Foamed Fracturing Fluids
Foamed fracturing fluids have been utilized in hydraulic fracturing since the late 1970s. They are generally composed of the 75-80% in gaseous nitrogen or carbon dioxide (CO2) and for the 20-25% in water, are relatively clean, have good proppant suspension and carrying capabilities, and provide relatively easy cleanup of formation and fractures (Fig. 2). Very recently there have been experiments by the University of Texas at Austin, upon request of the U.S. Department of Energy, ultra-dry CO2-in-water foams (water content down to 2-5% range), and similar nitrogen-in-water foams, very efficient at high temperatures and pressures. This breakthrough achievement, when implemented in commercial scale, will dramatically help to mitigate the issue of the treatment and discharge/disposal of flowback water, which currently carries economic and environmental challenges.
Costs of foamed fracturing fluids is convenient for shallow to medium depth wells because minor amounts of liquids and additives are required. They become less cost effective at increased depths because more nitrogen is needed to produce foam at greater pressures. Further, more pumping horsepower is required at greater depths to compensate for the relatively low fluid density of the material that is being injected to overcome the relatively high fracturing pressures. In some cases, it may not be possible to get the desired maximum proppant concentrations because the proppant must be blended with the fluid portion of the foam before being mixed with the gas.
Viscoelastic surfactant fluids
Viscoelastic surfactant fluids have a gelatin-kind texture and are an excellent particle suspension medium (Fig. 3).
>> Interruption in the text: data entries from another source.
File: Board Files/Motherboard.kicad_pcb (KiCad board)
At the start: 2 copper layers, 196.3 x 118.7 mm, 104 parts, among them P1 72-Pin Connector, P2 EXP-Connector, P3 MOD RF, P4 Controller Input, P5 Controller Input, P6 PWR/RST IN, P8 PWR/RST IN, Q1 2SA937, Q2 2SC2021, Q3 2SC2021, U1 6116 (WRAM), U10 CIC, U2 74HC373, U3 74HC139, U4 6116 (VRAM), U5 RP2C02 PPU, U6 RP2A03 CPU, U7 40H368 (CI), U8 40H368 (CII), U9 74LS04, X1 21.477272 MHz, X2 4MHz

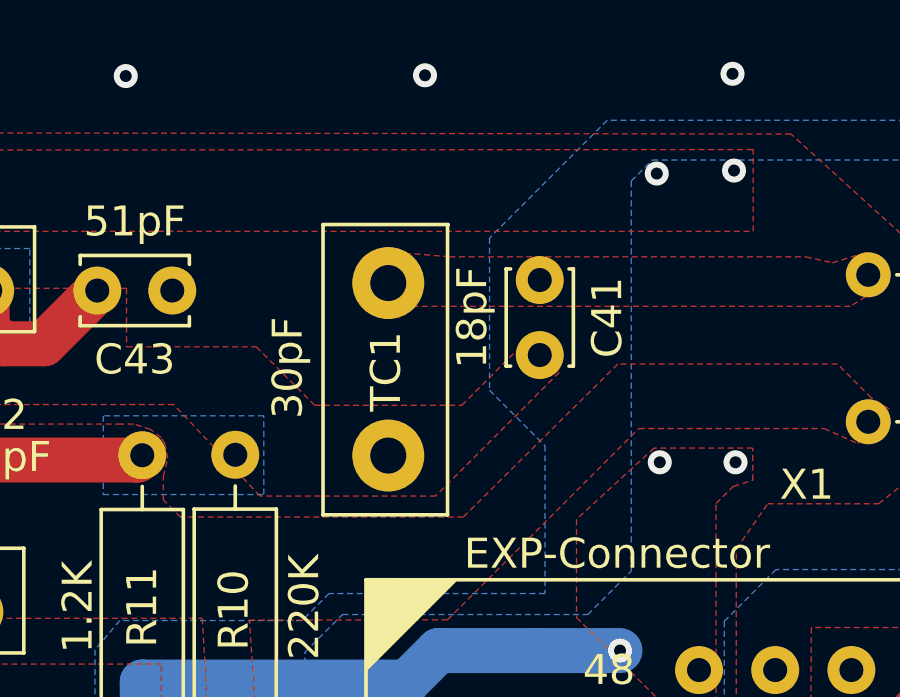
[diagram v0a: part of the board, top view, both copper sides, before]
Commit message: feat: updated trimmer cap footprint
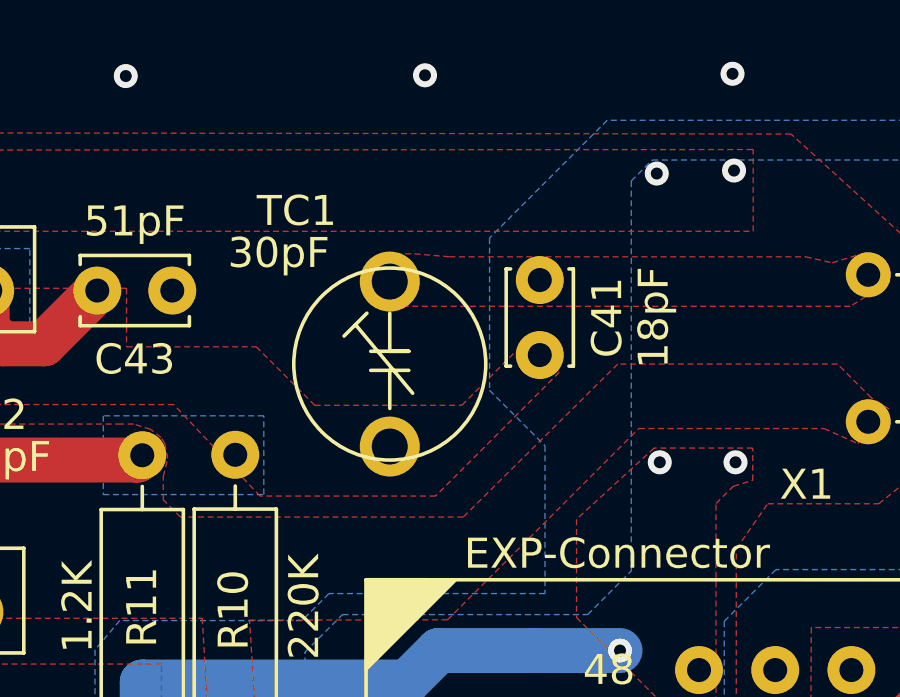
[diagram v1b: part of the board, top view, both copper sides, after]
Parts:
- TC1: footprint NESRE:TrimmerCap-THT -> NESRE:Trimmer_Cap_THT_5_5
- moved TC1 2.07 mm to (82.2, 49.6)
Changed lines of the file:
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@@
 		)
 		(property "Value" "18pF"
-			(at 1.25 2.25 90)
+			(at 1.25 -3.8 90)
 			(layer "F.SilkS")
 			(effects
@@
 		)
 	)
-	(footprint "NESRE:TrimmerCap-THT"
+	(footprint "NESRE:Trimmer_Cap_THT_5_5"
 		(layer "F.Cu")
-		(at 80.15 49.925 90)
+		(at 82.2 49.625 90)
 		(property "Reference" "TC1"
-			(at 2.8 1.925 90)
+			(at 7.85 -3.1 180)
 			(layer "F.SilkS")
 			(effects
@@
 		)
 		(property "Value" "30pF"
-			(at 2.925 -1.35 90)
+			(at 6.45 -3.7 180)
 			(layer "F.SilkS")
 			(effects
@@
 		(property "Datasheet" ""
 			(at 0 0 90)
-			(unlocked yes)
 			(layer "F.Fab")
 			(hide yes)
@@
 		(property "Description" ""
 			(at 0 0 90)
-			(unlocked yes)
 			(layer "F.Fab")
 			(hide yes)
@@
 		(sheetfile "Motherboard.kicad_sch")
 		(attr through_hole)
+		(fp_line
+			(start 3.683 -1.524)
+			(end 4.445 -0.762)
+			(stroke
+				(width 0.12)
+				(type solid)
+			)
+			(layer "F.SilkS")
+		)
+		(fp_line
+			(start 3.175 -0.635)
+			(end 3.175 0.635)
+			(stroke
+				(width 0.12)
+				(type solid)
+			)
+			(layer "F.SilkS")
+		)
+		(fp_line
+			(start 2.54 -0.635)
+			(end 2.54 0.635)
+			(stroke
+				(width 0.12)
+				(type solid)
+			)
+			(layer "F.SilkS")
+		)
+		(fp_line
+			(start 3.175 0)
+			(end 4.445 0)
+			(stroke
+				(width 0.12)
+				(type solid)
+			)
+			(layer "F.SilkS")
+		)
+		(fp_line
+			(start 1.27 0)
+			(end 2.54 0)
+			(stroke
+				(width 0.12)
+				(type solid)
+			)
+			(layer "F.SilkS")
+		)
+		(fp_line
+			(start 3.175 0.635)
+			(end 3.175 0)
+			(stroke
+				(width 0.12)
+				(type solid)
+			)
+			(layer "F.SilkS")
+		)
+		(fp_line
+			(start 1.778 0.762)
+			(end 4.064 -1.143)
+			(stroke
+				(width 0.12)
+				(type solid)
+			)
+			(layer "F.SilkS")
+		)
+		(fp_circle
+			(center 2.75 0)
+			(end 5.95 0)
+			(stroke
+				(width 0.12)
+				(type solid)
+			)
+			(fill no)
+			(layer "F.SilkS")
+		)
 		(pad "1" thru_hole circle
-			(at 0 2 90)
-			(size 2.4 2.4)
+			(at 0 0 90)
+			(size 2 2)
 			(drill 1.2)
 			(layers "*.Cu" "*.Mask")
@@
 		)
 		(pad "2" thru_hole circle
-			(at 5.75 2 90)
-			(size 2.4 2.4)
+			(at 5.5 0 90)
+			(size 2 2)
 			(drill 1.2)
 			(layers "*.Cu" "*.Mask")
@@
 		)
 		(embedded_fonts no)
+		(model "${KIPRJMOD}/Libraries/Trimmer Cap - Green.stp"
+			(offset
+				(xyz 2.6 0 0)
+			)
+			(scale
+				(xyz 1 0.95 1)
+			)
+			(rotate
+				(xyz -0 -0 -90)
+			)
+		)
 	)
 	(footprint "Package_DIP:DIP-20_W7.62mm"
@@
 				"AAAAAAAAAAAAAAAAAAAAAAAAAAAAAAAAAAAAAAAAAAAAAAAAAAAAAAAAAAAAAAAAAAAAAAAAAAAA"
 				"AAAAAAAAAAAAAAAAAAAAAAAAAAAAAAAAAAAAAAAAAAAAAAAAAAAAAAAAAAAAAAAAAAAAAAAAAAAA"
+				"AAAAAAAAAAAAAAAAAAAAAAAAAAAAAAAAAAAAAAAAAAAAAAAAAAAAAAAAAAAAAAAAAAAAAAAAAAAA"
+				"AAAAAAAAAAAAAAAAAAAAAAAAAAAAAAAAAAAAAAAAAAAAAAAAAAAAAAAAAAAAAAAAAAAAAAAAAAAA"
+				"AAAAAAAAAAAAAAAAAAAAAAAAAAAAAAAAAAAAAAAAAAAAAAAAAAAAAAAAAAAAAAAAAAAAAAAAAAAA"
+				"AAAAAAAAAAAAAAAAAAAAAAAAAAAAAAAAAAAAAAAAAAAAAAAAAAAAAAAAAAAAAAAAAAAAAAAAAAAA"
+				"AAAAAAAAAAAAAAAAAAAAAAAAAAAAAAAAAAAAAAAAAAAAAAAAAAAAAAAAAAAAAAAAAAAAAAAAAAAA"
+				"AAAAAAAAAAAAAAAAAAAAAAAAAAAAAAAAAAAAAAAAAAAAAAAAAAAAAAAAAAAAAAAAAAAAAAAAAAAA"
+				"AAAAAAAAAAAAAAAAAAAAAAAAAAAAAAAAAAAAAAAAAAAAAAAAAAAAAAAAAAAAAAAAAAAAAAAAAAAA"
+				"AAAAAAAAAAAAAAAAAAAAAAAAAAAAAAAAAAAAAAAAAAAAAAAAAAAAAAAAAAAAAAAAAAAAAAAAAAAA"
+				"AAAAAAAAAAAAAAAAAAAAAAAAAAAAAAAAAAAAAAAAAAAAAAAAAAAAAAAAAAAAAAAAAAAAAAAAAAAA"
+				"AAAAAAAAAAAAAAAAAAAAAAAAAAAAAAAAAAAAAAAAAAAAAAAAAAAAAAAAAAAAAAAAAAAAAAAAAAAA"
+				"AAAAAAAAAAAAAAAAAAAAAAAAAAAAAAAAAAAAAAAAAAAAAAAAAAAAAAAAAAAAAAAAAAAAAAAAAAAA"
+				"AAAAAAAAAAAAAAAAAAAAAAAAAAAAAAAAAAAAAAAAAAAAAAAAAAAAAAAAAAAAAAAAAAAAAAAAAAAA"
+				"AAAAAAAAAAAAAAAAAAAAAAAAAAAAAAAAAAAAAAAAAAAAAAAAAAAAAAAAAAAAAAAAAAAAAAAAAAAA"
+				"AAAAAAAAAAAAAAAAAAAAAAAAAAAAAAAAAAAAAAAAAAAAAAAAAAAAAAAAAAAAAAAAAAAAAAAAAAAA"
+				"AAAAAAAAAAAAAAAAAAAAAAAAAAAAAAAAAAAAAAAAAAAAAAAAAAAAAAAAAAAAAAAAAAAAAAAAAAAA"
+				"AAAAAAAAAAAAAAAAAAAAAAAAAAAAAAAAAAAAAAAAAAAAAAAAAAAAAAAAAAAAAAAAAAAAAAAAAAAA"
+				"AAAAAAAAAAAAAAAAAAAAAAAAAAAAAAAAAAAAAAAAAAAAAAAAAAAAAAAAAAAAAAAAAAAAAAAAAAAA"
+				"AAAAAAAAAAAAAAAAAAAAAAAAAAAAAAAAAAAAAAAAAAAAAAAAAAAAAAAAAAAAAAAAAAAAAAAAAAAA"
 				"AAAAAAAAAAAAAAAAAAAAAAAAAAAAAAAAAAAAAAAAAAAAAA=="
 			)
@@
 		(layer "F.SilkS")
 	)
-	(gr_line
-		(start 79.975 42.225)
-		(end 79.975 51.9)
-		(stroke
-			(width 0.12)
-			(type solid)
-		)
-		(layer "F.SilkS")
-	)
-	(gr_line
-		(start 79.975 51.9)
-		(end 84.125 51.9)
-		(stroke
-			(width 0.12)
-			(type solid)
-		)
-		(layer "F.SilkS")
-	)
 	(gr_circle
 		(center 172.05 106.5)
@@
 	)
 	(gr_line
-		(start 84.15 42.225)
-		(end 79.975 42.225)
-		(stroke
-			(width 0.12)
-			(type solid)
-		)
-		(layer "F.SilkS")
-	)
-	(gr_line
 		(start 198.375 110.625)
 		(end 198.375 110.825)
@@
 		)
 		(layer "F.SilkS")
-	)
-	(gr_line
-		(start 84.125 51.9)
-		(end 84.125 42.225)
-		(stroke
-			(width 0.12)
-			(type solid)
-		)
-		(layer "F.SilkS")

They are composed of water soluble salt (such as an ammonium or potassium chloride) and an organic stabilizing additive selected from the group of organic salts (e.g. sodium salicylate), thickened through quaternary cationic ammonium surfactants. It also presents less of a cleanup problem of formation fractures when compared to polymer based systems. The viscoelastic surfactant fracturing fluid can be broken by contact with formation water or oil and; it needs no internal breakers to reduce viscosity so that it can be easily removed from the formation.
A potential problem with the above described viscoelastic surfactant system is that cationic surfactants can coat with an oily film formation rocks, which would increase the resistance of the petroleum flow through formation pores - a water wet formation is more beneficial for production than an oil wet formation. Application of the above viscoelastic surfactant system is also restricted to temperatures below about 110° C.; and, it results to be most effective at temperatures below about 80° C.
Crosslinked fracturing gels were first experimented wuth in the late 1960s, introducing innovative technical features that allowed them to overcome in quality and outcomes the simple water-based gels used in the United States (Fig. 4). Their point of advantage was the very high viscosity yields (about 20,000 centipoises) for modest polymer concentration, which made them ideal for carrying higher concentrations of proppants due to inherent high efficiency.
Crosslinked fracturing gel are composed of aqueous liquid, a gelling agent, and a crosslinking compound. The aqueous liquid is used to hydrate the gelling agent prior to crosslinking, and it must be of a pH which is compatible with the crosslinking compound used to crosslink the hydrated gelling agent. Most important, it has to be clean from impurities of a size sufficient to clog either the oil well tubing or conduit or the pumping equipment used to push the fracturing gel into the formation. Given the high viscosity, crosslinked fracturing gels works well even without a lubricating layer between the fracturing liquid and the well tubing, which substantially reduces costs and operational time; and, it can be easily pumped into the formation with pumping equipment and tubular goods normally available at a wellhead.